### TASK DESCRIPTION
Say how many lines in the records contain the string "skinparam", giving the number by itself.

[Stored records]
=== Begin Enclosure ===

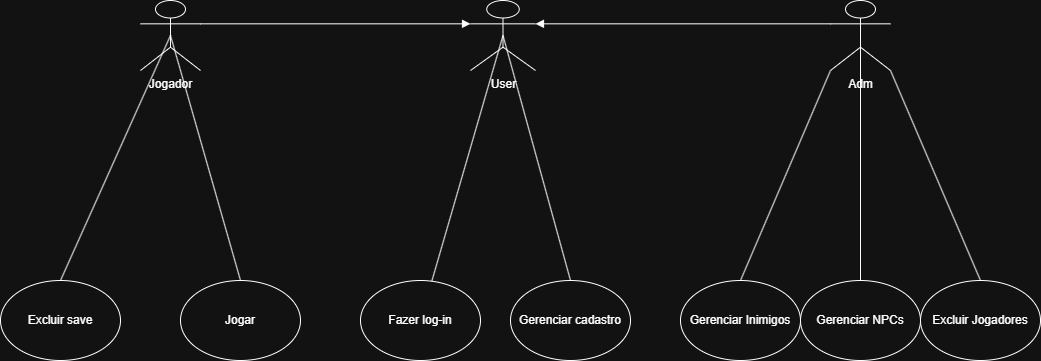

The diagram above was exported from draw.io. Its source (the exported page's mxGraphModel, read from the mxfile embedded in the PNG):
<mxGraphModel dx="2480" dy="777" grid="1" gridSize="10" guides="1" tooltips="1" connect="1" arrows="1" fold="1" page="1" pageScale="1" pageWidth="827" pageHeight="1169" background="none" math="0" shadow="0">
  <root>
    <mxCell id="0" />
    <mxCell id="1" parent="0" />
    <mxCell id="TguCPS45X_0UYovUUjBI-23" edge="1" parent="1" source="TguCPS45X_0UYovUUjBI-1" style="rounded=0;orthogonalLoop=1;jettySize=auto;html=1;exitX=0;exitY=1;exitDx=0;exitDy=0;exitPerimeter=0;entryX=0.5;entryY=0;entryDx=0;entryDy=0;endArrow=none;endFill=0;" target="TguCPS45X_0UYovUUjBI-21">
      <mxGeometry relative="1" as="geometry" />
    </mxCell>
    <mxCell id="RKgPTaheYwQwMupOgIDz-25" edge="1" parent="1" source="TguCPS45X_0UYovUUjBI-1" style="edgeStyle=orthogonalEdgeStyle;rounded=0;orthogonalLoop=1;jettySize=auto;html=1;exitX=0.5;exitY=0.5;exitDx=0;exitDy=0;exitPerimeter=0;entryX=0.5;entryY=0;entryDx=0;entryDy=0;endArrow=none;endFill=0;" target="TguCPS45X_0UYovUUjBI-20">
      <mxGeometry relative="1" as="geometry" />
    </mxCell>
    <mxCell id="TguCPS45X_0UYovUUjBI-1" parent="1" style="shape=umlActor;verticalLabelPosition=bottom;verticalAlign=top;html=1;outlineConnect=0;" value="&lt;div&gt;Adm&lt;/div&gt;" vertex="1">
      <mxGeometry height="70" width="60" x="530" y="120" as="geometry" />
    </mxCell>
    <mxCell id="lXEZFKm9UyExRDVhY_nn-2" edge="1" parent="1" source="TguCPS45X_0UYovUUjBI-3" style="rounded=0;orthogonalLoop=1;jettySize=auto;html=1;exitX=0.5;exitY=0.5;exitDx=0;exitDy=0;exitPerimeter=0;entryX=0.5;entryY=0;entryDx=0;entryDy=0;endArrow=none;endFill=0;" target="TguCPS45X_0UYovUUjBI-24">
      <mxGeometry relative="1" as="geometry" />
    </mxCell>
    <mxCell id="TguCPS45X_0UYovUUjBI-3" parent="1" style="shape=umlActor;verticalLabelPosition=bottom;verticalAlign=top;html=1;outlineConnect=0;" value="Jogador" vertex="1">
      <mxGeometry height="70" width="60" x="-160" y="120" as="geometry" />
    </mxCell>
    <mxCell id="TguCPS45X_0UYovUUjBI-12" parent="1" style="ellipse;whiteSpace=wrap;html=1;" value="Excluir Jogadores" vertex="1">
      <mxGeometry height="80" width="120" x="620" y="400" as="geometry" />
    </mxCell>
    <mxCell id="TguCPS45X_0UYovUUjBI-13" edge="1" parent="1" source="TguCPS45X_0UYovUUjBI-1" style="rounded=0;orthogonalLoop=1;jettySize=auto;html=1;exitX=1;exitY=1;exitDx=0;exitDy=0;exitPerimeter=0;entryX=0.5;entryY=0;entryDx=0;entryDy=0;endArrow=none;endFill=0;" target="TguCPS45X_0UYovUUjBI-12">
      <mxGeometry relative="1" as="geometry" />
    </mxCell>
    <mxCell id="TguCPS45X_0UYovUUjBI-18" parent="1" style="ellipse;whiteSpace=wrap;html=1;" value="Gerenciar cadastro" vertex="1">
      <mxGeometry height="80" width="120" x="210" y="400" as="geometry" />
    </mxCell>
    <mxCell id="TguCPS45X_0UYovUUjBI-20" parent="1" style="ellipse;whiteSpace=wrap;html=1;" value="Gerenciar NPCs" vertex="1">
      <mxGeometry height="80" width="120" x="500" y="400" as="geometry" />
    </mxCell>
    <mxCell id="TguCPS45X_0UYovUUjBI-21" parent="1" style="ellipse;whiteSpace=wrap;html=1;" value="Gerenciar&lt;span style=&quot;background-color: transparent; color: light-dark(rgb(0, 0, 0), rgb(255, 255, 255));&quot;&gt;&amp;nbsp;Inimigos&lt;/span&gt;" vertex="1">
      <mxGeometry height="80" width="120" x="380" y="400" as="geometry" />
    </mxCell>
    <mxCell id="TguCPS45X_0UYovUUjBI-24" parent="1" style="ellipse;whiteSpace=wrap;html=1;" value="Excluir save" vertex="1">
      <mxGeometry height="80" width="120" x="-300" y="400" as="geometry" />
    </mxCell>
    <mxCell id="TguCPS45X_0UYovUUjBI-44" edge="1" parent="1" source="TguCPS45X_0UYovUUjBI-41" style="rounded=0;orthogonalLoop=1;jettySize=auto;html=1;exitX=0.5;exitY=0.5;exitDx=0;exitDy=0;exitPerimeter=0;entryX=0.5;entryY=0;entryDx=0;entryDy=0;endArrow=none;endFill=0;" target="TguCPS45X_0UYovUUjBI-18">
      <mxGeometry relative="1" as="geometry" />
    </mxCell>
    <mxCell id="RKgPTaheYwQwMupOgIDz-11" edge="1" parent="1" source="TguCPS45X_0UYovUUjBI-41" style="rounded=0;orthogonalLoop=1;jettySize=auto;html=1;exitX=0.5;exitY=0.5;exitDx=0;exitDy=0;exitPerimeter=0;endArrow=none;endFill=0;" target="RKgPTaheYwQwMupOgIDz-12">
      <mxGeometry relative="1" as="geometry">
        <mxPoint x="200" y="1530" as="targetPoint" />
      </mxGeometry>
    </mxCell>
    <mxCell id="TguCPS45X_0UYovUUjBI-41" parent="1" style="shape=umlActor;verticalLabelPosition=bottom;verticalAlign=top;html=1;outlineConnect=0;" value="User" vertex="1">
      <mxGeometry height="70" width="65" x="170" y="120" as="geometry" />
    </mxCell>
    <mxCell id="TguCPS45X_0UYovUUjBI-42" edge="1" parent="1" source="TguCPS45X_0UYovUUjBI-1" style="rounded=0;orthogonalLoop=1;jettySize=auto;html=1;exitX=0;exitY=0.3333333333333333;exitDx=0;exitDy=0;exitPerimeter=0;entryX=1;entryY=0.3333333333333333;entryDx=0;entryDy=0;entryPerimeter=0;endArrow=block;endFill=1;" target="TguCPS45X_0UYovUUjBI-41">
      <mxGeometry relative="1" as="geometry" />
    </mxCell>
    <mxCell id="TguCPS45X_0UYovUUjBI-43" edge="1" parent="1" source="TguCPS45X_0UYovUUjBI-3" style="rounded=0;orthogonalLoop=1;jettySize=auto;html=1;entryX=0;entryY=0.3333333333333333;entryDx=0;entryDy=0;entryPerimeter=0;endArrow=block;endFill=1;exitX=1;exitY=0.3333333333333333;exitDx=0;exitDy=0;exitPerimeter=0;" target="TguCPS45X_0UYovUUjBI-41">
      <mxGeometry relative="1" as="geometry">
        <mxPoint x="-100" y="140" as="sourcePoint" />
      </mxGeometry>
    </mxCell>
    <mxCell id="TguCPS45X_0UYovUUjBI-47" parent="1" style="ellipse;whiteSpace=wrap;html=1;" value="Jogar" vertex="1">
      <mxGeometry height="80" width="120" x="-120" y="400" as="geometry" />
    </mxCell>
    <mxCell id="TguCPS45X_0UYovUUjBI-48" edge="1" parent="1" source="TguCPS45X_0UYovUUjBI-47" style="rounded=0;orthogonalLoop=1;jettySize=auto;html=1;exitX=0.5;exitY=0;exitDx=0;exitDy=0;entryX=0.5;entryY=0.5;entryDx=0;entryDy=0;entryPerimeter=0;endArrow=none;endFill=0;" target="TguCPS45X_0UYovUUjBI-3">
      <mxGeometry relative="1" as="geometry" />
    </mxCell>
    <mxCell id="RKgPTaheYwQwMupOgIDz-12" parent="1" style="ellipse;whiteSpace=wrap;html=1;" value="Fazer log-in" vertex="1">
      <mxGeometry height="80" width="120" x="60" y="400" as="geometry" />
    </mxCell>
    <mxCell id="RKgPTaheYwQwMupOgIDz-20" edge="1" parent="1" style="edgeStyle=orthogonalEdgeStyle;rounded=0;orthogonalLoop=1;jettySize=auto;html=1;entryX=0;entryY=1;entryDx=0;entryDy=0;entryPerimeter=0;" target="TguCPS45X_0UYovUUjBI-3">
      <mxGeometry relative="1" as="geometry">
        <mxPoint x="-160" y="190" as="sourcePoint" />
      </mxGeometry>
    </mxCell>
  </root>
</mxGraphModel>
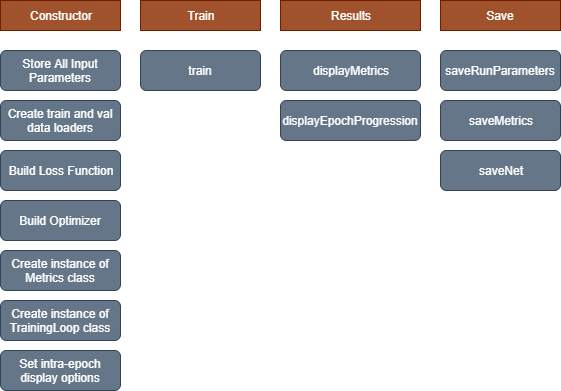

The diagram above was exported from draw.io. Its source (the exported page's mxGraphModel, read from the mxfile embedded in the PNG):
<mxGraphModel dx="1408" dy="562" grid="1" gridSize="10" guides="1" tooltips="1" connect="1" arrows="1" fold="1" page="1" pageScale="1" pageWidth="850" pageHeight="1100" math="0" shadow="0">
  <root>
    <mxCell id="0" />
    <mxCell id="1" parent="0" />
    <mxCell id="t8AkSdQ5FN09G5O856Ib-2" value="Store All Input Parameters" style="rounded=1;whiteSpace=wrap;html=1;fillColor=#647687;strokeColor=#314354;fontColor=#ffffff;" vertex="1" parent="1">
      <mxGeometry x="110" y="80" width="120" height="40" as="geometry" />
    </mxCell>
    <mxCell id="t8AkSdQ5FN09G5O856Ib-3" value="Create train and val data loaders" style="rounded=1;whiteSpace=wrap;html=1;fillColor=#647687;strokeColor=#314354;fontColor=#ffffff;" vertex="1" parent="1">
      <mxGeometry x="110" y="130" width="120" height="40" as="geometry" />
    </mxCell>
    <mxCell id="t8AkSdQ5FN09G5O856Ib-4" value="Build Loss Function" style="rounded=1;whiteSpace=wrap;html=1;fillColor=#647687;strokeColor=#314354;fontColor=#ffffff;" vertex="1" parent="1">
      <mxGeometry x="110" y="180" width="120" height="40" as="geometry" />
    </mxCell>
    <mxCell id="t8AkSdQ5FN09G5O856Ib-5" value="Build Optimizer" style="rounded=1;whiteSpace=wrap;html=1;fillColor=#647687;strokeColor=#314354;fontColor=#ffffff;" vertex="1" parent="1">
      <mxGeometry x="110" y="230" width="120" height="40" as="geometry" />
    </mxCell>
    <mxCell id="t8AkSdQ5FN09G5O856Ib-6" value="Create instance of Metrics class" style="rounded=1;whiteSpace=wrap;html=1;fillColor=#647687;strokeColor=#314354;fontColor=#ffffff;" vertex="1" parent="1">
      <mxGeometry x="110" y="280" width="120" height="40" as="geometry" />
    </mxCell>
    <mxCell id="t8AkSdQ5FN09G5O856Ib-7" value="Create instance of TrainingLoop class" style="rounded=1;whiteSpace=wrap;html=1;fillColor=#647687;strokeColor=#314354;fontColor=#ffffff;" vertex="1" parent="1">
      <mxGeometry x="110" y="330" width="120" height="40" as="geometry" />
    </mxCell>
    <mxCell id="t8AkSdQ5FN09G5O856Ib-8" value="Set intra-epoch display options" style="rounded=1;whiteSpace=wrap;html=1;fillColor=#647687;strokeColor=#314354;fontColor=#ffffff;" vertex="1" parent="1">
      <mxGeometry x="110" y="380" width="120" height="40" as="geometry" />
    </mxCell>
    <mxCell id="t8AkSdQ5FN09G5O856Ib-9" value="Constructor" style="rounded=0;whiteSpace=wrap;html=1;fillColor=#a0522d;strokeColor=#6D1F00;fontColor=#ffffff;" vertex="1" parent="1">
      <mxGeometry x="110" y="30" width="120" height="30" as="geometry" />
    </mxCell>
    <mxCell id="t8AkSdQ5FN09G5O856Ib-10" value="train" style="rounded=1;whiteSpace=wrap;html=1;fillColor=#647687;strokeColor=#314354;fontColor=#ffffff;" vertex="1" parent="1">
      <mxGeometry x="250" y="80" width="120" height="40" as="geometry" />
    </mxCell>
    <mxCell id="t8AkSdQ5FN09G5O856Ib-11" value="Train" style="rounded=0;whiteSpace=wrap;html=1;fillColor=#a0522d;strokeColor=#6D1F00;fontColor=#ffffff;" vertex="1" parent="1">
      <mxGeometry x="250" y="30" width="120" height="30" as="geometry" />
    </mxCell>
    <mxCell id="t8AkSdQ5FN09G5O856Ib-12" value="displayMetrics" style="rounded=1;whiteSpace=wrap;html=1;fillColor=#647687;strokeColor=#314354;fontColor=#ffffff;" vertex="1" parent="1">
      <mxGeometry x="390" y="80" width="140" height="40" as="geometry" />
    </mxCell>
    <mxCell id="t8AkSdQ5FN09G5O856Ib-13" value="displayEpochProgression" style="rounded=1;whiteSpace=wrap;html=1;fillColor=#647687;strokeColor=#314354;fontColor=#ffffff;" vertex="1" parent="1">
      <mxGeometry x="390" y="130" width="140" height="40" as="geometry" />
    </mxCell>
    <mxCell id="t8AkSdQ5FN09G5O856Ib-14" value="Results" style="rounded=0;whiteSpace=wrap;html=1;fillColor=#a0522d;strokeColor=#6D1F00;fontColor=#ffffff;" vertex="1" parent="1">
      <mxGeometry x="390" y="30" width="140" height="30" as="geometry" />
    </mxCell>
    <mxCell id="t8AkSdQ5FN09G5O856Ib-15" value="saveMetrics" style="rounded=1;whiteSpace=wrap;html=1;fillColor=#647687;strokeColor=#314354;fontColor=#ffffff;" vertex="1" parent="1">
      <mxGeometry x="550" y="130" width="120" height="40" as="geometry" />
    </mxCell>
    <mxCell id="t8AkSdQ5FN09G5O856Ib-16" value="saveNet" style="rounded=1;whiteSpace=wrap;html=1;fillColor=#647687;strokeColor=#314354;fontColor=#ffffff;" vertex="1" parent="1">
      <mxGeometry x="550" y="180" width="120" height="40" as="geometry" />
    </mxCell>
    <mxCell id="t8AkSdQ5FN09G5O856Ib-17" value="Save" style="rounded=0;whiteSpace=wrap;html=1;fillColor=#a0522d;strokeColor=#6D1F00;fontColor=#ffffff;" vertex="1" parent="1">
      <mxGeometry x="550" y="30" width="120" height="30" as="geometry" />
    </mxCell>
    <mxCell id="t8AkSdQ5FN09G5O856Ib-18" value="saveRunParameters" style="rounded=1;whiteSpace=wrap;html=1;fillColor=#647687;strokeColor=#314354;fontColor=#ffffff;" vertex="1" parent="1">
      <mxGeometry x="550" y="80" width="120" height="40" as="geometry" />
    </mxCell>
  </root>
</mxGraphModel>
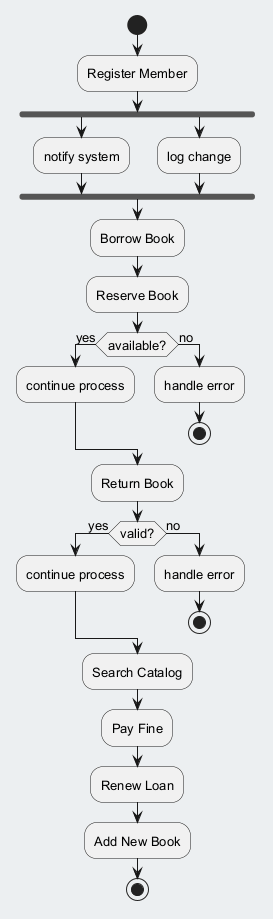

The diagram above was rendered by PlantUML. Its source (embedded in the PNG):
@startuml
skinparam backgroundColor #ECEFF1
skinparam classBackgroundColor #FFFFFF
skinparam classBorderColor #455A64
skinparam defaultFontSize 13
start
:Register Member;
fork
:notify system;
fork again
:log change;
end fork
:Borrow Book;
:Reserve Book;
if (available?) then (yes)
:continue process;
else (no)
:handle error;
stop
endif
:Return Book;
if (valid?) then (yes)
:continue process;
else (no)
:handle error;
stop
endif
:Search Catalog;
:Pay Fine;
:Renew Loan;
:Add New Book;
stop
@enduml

=== End Enclosure ===

### RESPONSE TO THIS EXERCISE
4